Thermal Shock Effect on Acoustic Emission Response During Laboratory Hydraulic Fracturing in Laizhou Granite

Abstract

To investigate the thermal shock effect on microseismic response during hydraulic fracturing in hot dry rock, laboratory hydraulic fracturing experiments combined with acoustic emission (AE) monitoring were performed on granite after heating and rapid water-cooling treatments. Thereafter, the influence of thermal treatment level and the number of cycles on hydraulic fracture geometry, injection pressure curve, and the spatial distribution and focal mechanism was analyzed. Besides, the maximum AE amplitude and the localization results of large AE events with amplitudes larger than 7.0 mV were further investigated to discuss the thermal shock effect on reducing breakdown-induced seismicity. Experimental results show that the thermal shock effect was beneficial for reducing the maximum amplitude of AE events during laboratory fracturing experiments on Laizhou granite. After single-cycle thermal treatment, large AE events tended to disperse far away from rather than located around the open-hole section only when the thermal treatment level exceeded the threshold temperature (300 °C).
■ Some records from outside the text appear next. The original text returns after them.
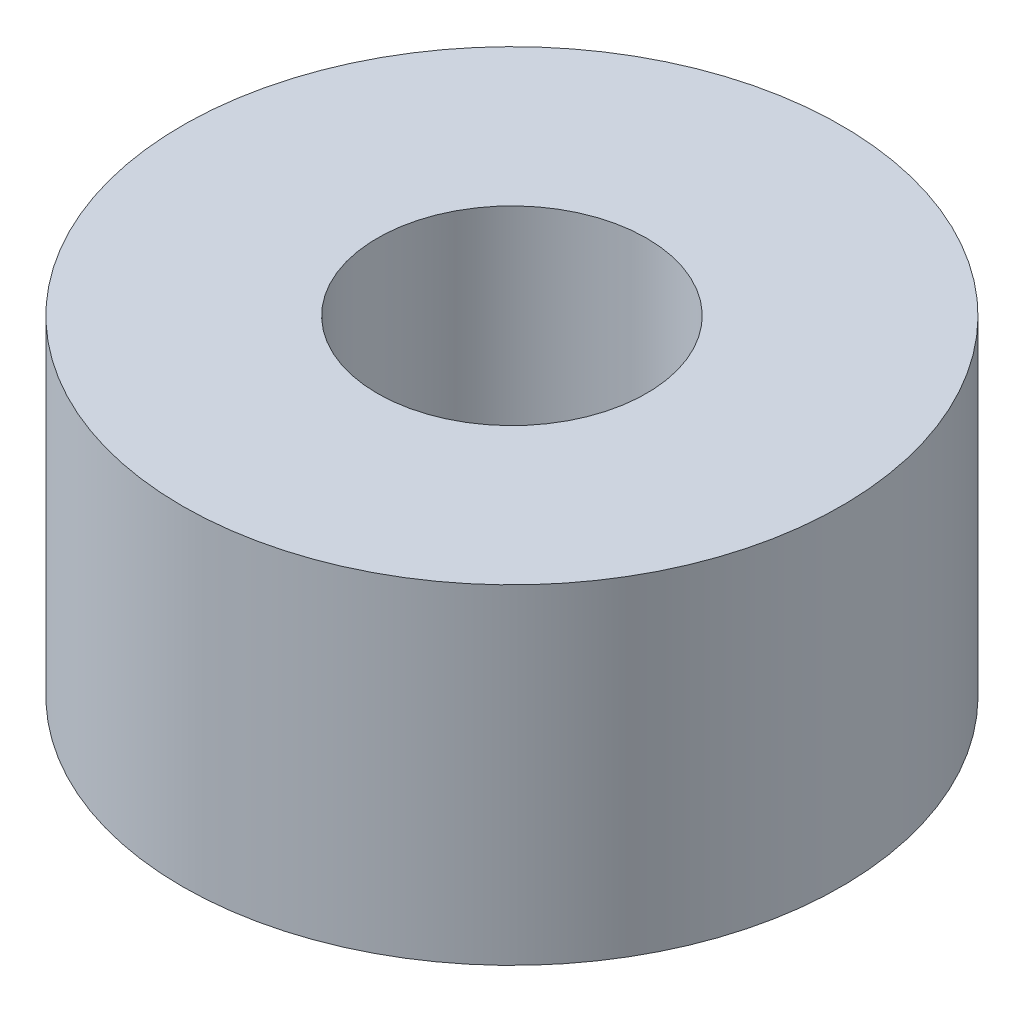
from build123d import *

# Parameters (mm, degrees)
SKETCH_1_R      = 3
SKETCH_1_R_2    = 1.225
EXTRUDE_1_DEPTH = 3


with BuildPart() as part:
    # 草图1 → 凸台-拉伸1 (new body)
    with BuildSketch(Plane(origin=(0, 0, 0), x_dir=(1, 0, 0), z_dir=(0, 1, 0))):
        with Locations((20, 4.950130432)):
            Circle(SKETCH_1_R)
        with Locations((20, 4.950130432)):
            Circle(SKETCH_1_R_2, mode=Mode.SUBTRACT)
    extrude(amount=EXTRUDE_1_DEPTH)


solid = part.part
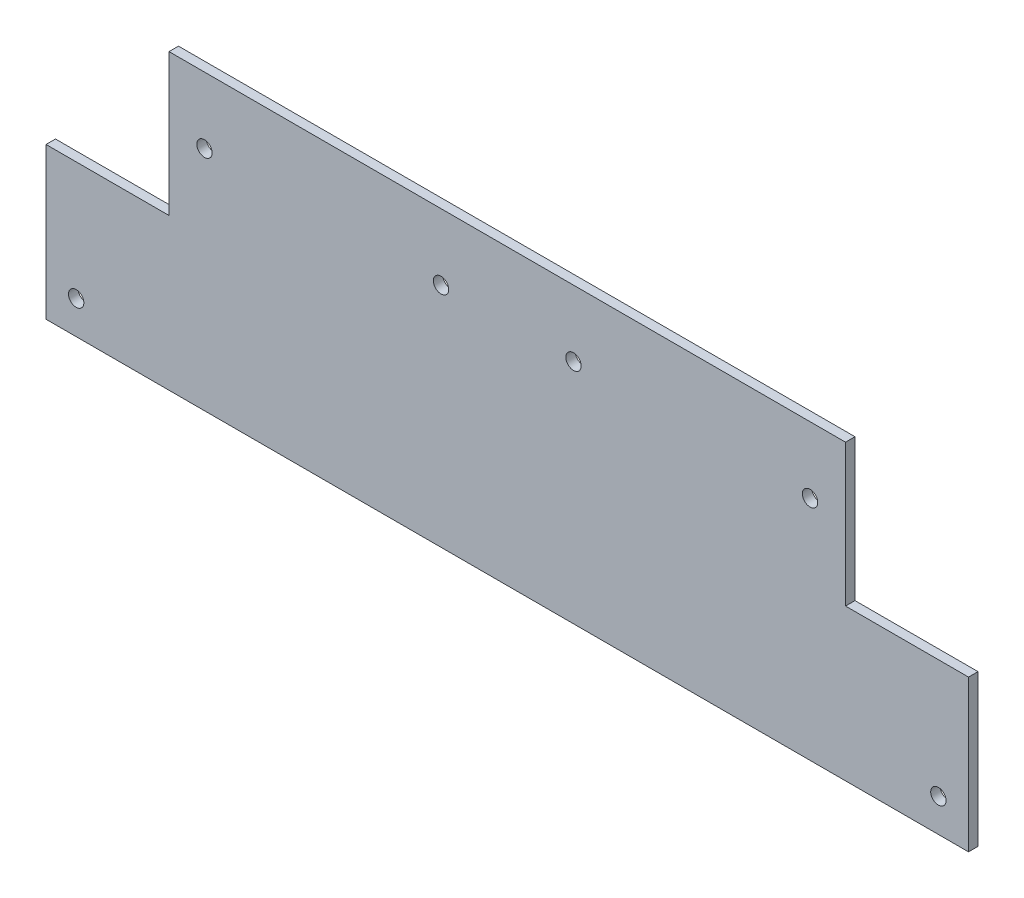
from build123d import *

# Parameters (mm, degrees)
CROQUIS1_R              = 1.625
SALIENTE_EXTRUIR1_DEPTH = 2


with BuildPart() as part:
    # Croquis1 → Saliente-Extruir1 (new body)
    with BuildSketch(Plane.XY):
        Polygon((-97.5, 0), (97.5, 0), (97.5, 32), (71.5, 32), (71.5, 62), (-71.5, 62), (-71.5, 32), (-97.5, 32), align=None)
        with Locations((91.125, 7)):
            Circle(CROQUIS1_R, mode=Mode.SUBTRACT)
        with Locations((64, 48)):
            Circle(CROQUIS1_R, mode=Mode.SUBTRACT)
        with Locations((14, 48)):
            Circle(CROQUIS1_R, mode=Mode.SUBTRACT)
        with Locations((-14, 48)):
            Circle(CROQUIS1_R, mode=Mode.SUBTRACT)
        with Locations((-64, 48)):
            Circle(CROQUIS1_R, mode=Mode.SUBTRACT)
        with Locations((-91.125, 7)):
            Circle(CROQUIS1_R, mode=Mode.SUBTRACT)
    extrude(amount=SALIENTE_EXTRUIR1_DEPTH)


solid = part.part

At the thermal treatment level of 300 °C, increasing the number of cycles had a little influence on reducing the breakdown-induced seismicity due to the limited reduction of breakdown pressure. Most of the large AE events are still mainly detected during the occurrence of breakdown and located around the open-hole section. At the thermal treatment level of 400 °C, shear events were dominant. Even though a complex fracture network was created, no obvious cluster of large AE events was detected around the open-hole section.